Income, ethnicity and language disparities in telemedicine revealed in new study 

Low-income, non-English-speaking patients of Hispanic and Asian ethnicities may be less likely to use telemedicine, according to a new study published Jan. 5. 

Between Jan. 1 to Sept. 30, 2020, the researchers looked at over 29,000 patient-physician interactions among 8,997 adult cancer patients receiving outpatient care at UC San Diego Health. Just over 8,000 of these interactions occurred virtually, either via video or phone.

They found that Hispanic patients had 14 percent lower odds of using telemedicine than non-Hispanic white patients. Asian patients were 21 percent less likely to use telemedicine than white people.

Language played a major factor in telehealth use too, with Spanish speakers having 29 percent decreased odds of using the service, and other non-English and non-Spanish language speakers 28 percent less likely to use telemedicine. 

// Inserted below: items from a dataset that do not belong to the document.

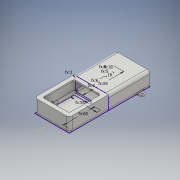
# Autodesk Inventor part: LED box
Saved by Autodesk Inventor 2018.3 (Build 223285000, 285)
## iProperties
Created: 2019-07-19
Part Number: LED box
Material: Generic
Document SubType Name: Modeling
Designer: uqspowe6
Density: 1 g/cm^3
Appearance: Default
wall_t: 3.000 mm
fillet_interior: 3.000 mm
fillet_exterior: 6.000 mm
opening_w: 65.000 mm
opening_h: 25.000 mm
window_w: 55.000 mm
window_h: 65.000 mm
seal_w: 8.000 mm
extension_h: 85.000 mm
mount_y: 20.000 mm
mount_dia: 8.000 mm
mount_hole: 3.200 mm
mount_x: 5.000 mm
Author: uqspowe6
Autodesk Inventor part; units mm, degrees
ref_plane "YZ Plane" through (0, 0, 0) normal (1, 0, 0) x (0, 1, 0)
ref_plane "XZ Plane" through (0, 0, 0) normal (0, 1, 0) x (-1, 0, 0)
ref_plane "XY Plane" through (0, 0, 0) normal (0, 0, 1) x (1, 0, 0)
sketch "Sketch1" plane through (0, 0, 0) normal (0, 0, 1) x (1, 0, 0)
  line L0 (-27.5, 32.5) -> (27.5, 32.5)
  line L1 (27.5, 32.5) -> (27.5, -32.5)
  line L2 (27.5, -32.5) -> (-27.5, -32.5)
  line L3 (-27.5, -32.5) -> (-27.5, 32.5)
  line L4 (-60.5, 0) -> (51.5, 0) construction
  line L5 (0, -73.7) -> (0, 158.7) construction
  line L6 (32.5, 37.5) -> (-32.5, 37.5)
  line L7 (-32.5, 37.5) -> (-32.5, -37.5)
  line L8 (-32.5, -37.5) -> (32.5, -37.5)
  line L9 (32.5, -37.5) -> (32.5, 37.5)
  line L10 (-35.5, -40.5) -> (-35.5, 40.5)
  line L11 (-35.5, 40.5) -> (35.5, 40.5)
  line L12 (35.5, 40.5) -> (35.5, -40.5)
  line L13 (35.5, -40.5) -> (-35.5, -40.5)
  line L14 (-35.5, 40.5) -> (-35.5, 125.5)
  line L15 (-35.5, 125.5) -> (35.5, 125.5)
  line L16 (35.5, 125.5) -> (35.5, 40.5)
  arc A0 (-41.7973, 101.7162) -> (-41.7973, 109.2838) centre (-40.5, 105.5) ccw construction
  line L17 (-29.5, 97.5) -> (-41.7973, 101.7162)
  line L18 (-41.7973, 109.2838) -> (-29.5, 113.5)
  arc A1 (-41.7973, 109.2838) -> (-41.7973, 101.7162) centre (-40.5, 105.5) ccw
  line L19 (-29.5, 97.5) -> (-29.5, 113.5)
  point P0 (0, 0)
  point P1 (-35.5, 99.5571)
  point P2 (-35.5, 111.4429)
  dimension "d0" = 55
  dimension "d1" = 65
  dimension "d2" = 5
  dimension "d6" = 3
  dimension "d33" = 85
  dimension "d34" = 8
  dimension "d39" = 6
  dimension "d40" = 16
  dimension "d41" = 20
  dimension "d50" = 5
  constraints: 38 end point, 6 parallel, 6 perpendicular, 4 point on circle, 4 point on line, 2 centre point, 2 tangent, 1 coincident, 1 equal length, 1 horizontal, 1 vertical, 8 other
  measures "d0" distance of L0.start L0.end
  measures "d1" distance of L0.end L1.end
  measures "d2" distance between parallel lines of L0 L6
  measures "d6" distance between parallel lines of L7 L10
  measures "d33" distance of L10.end L14.end
  measures "d34" diameter of A0
  measures "d39" distance between parallel lines of L19 L14
  measures "d40" distance of L18.end L17.start
  measures "d41" vertical distance of L14.end A0.centre
  measures "d50" distance from line of L14 A0.centre
extrude "Extrusion1" add sketch "Sketch1" against normal blind 3 contours L0 L1 L2 L3 | L9 L8 L7 L6 | L10 L11 L12 L13
extrude "Extrusion6" add sketch "Sketch1" along normal blind 25 contours L10 L11 L12 L13
sketch "Sketch2" plane through (0, 0, 25) normal (0, 0, 1) x (1, 0, 0)
  line L0 (32.5, 37.5) -> (32.5, -37.5) construction
  line L1 (32.5, -37.5) -> (-32.5, -37.5) construction
  line L2 (-32.5, -37.5) -> (-32.5, 37.5) construction
  line L3 (-32.5, 37.5) -> (32.5, 37.5) construction
  line L4 (-35.5, 40.5) -> (-35.5, -40.5) projected
  line L5 (-35.5, -40.5) -> (35.5, -40.5) projected
  line L6 (35.5, -40.5) -> (35.5, 40.5) projected
  line L7 (35.5, 40.5) -> (-35.5, 40.5) projected
  line L8 (-27.5, 32.5) -> (-27.5, -32.5)
  line L9 (-27.5, -32.5) -> (27.5, -32.5)
  line L10 (27.5, -32.5) -> (27.5, 32.5)
  line L11 (27.5, 32.5) -> (-27.5, 32.5)
  point P0 (0, 0)
  dimension "d20" = 5
  constraints: 8 end point, 3 other
  measures "d20" distance between parallel lines of L2 L8
extrude "Extrusion7" add sketch "Sketch2" along normal blind 3
sketch "Sketch3" plane through (-35.5, 40.5, -3) normal (0, 1, 0) x (1, 0, 0)
  line L0 (71, -31) -> (71, 0) construction
  line L1 (0, 0) -> (71, 0) construction
  line L2 (0, -31) -> (0, 0) construction
  line L3 (71, -31) -> (0, -31) construction
  line L4 (3, -25) -> (3, -6)
  line L5 (6, -3) -> (65, -3)
  line L6 (68, -6) -> (68, -25)
  line L7 (65, -28) -> (6, -28)
  arc A0 (3, -25) -> (6, -28) centre (6, -25) ccw
  arc A1 (6, -3) -> (3, -6) centre (6, -6) ccw
  arc A2 (68, -6) -> (65, -3) centre (65, -6) ccw
  arc A3 (65, -28) -> (68, -25) centre (65, -25) ccw
  line L8 (0, 0) -> (0, -31) construction
  line L9 (6, -31) -> (65, -31)
  line L10 (71, -25) -> (71, -6)
  line L11 (65, 0) -> (6, 0)
  line L12 (0, -6) -> (0, -25)
  arc A4 (0, -25) -> (6, -31) centre (6, -25) ccw
  arc A5 (6, 0) -> (0, -6) centre (6, -6) ccw
  arc A6 (71, -6) -> (65, 0) centre (65, -6) ccw
  arc A7 (65, -31) -> (71, -25) centre (65, -25) ccw
  point P0 (35.5, -3)
  point P1 (3, -28)
  point P2 (3, -3)
  point P3 (68, -3)
  point P4 (68, -28)
  dimension "d23" = 3
  dimension "d31" = 3
  constraints: 16 end point, 16 point on circle, 16 tangent, 12 point on line, 8 centre point, 6 equal radius, 2 parallel, 1 concentric, 1 horizontal, 1 perpendicular, 3 other
  measures "d23" distance between parallel lines of L3 L7
  measures "d31" radius of A0
extrude "Extrusion8" cut sketch "Sketch3" against normal up to next contours L4 A1 L5 A2 L6 A3 L7 A0
extrude "Extrusion9" add sketch "Sketch3" along normal up to surface (85 mm away)
fillet "Fillet1" radius 3 8 edges at (-32.5, 0, 25) (-32.5, 0, 0) (0, -37.5, 0) (0, -37.5, 25) (32.5, 0, 25) (-32.5, -37.5, 12.5) (32.5, -37.5, 12.5) (32.5, 0, 0)
fillet "Fillet1" radius 6 5 edges at (-35.5, -40.5, 12.5) (35.5, -40.5, 12.5) (0, -40.5, -3) (-35.5, 0, -3) (35.5, 0, -3)
fillet "Fillet1" radius 4 4 edges at (-27.5, -32.5, 26.5) (27.5, -32.5, 26.5) (27.5, 32.5, 26.5) (-27.5, 32.5, 26.5)
extrude "Extrusion10" add sketch "Sketch1" against normal blind 3 contours L17 A1 L18 L14 | L14 L18 L19 L17
hole "Hole1" at (-40.5, 105.5, 0) direction (0, 0, -1) diameter 3.2 end through all
mirror "Mirror1" about plane through (0, 0, 0) normal (1, 0, 0) of "Hole1", "Extrusion10"
fillet "Fillet2" radius 3 4 edges at (-32.5, 112.4714, -2.1962) (-32.5, 98.5286, -2.1962) (32.5, 112.4714, -2.1962) (32.5, 98.5286, -2.1962)
fillet "Fillet2" radius 1 2 edges at (-34.6962, 105.5, 0) (34.6962, 105.5, 0)
equation "\"d0\" = window_w"
equation "\"d1\" = window_h"
equation "\"d2\" = seal_w - wall_t"
equation "\"d6\" = wall_t"
equation "\"d33\" = extension_h"
equation "\"d34\" = mount_dia"
equation "\"d39\" = fillet_exterior"
equation "\"d41\" = mount_y"
equation "\"d50\" = mount_x"
equation "\"d18\" = opening_h"
equation "\"d20\" = d2"
equation "\"d23\" = wall_t"
equation "\"d31\" = fillet_interior"
equation "\"d42\" = mount_hole"
equation "\"window_w\" = 55"
equation "\"window_h\" = 65"
equation "\"wall_t\" = 3"
equation "\"seal_w\" = 8"
equation "\"extension_h\" = 85"
equation "\"mount_y\" = 20"
equation "\"mount_dia\" = 8"
equation "\"mount_hole\" = 3.2"
equation "\"fillet_interior\" = 3"
equation "\"fillet_exterior\" = fillet_interior + wall_t"
equation "\"mount_x\" = 5"
equation "\"opening_w\" = window_w + 2 * seal_w - 2 * wall_t"
equation "\"opening_h\" = 25"
body "Solid1"

Income also affected telehealth use. Medicaid patients were 34 percent less likely to use telehealth, and those in the bottom income quartile had 33 percent decreased odds. They also found the lowest telehealth use rates correlated with the zip codes with the highest levels of COVID-19 infection.

The researchers said that since use of telemedicine is expected to continue even after the pandemic, the study demonstrates that "culturally and linguistically tailored telemedicine could help reduce health disparities for our vulnerable cancer patients."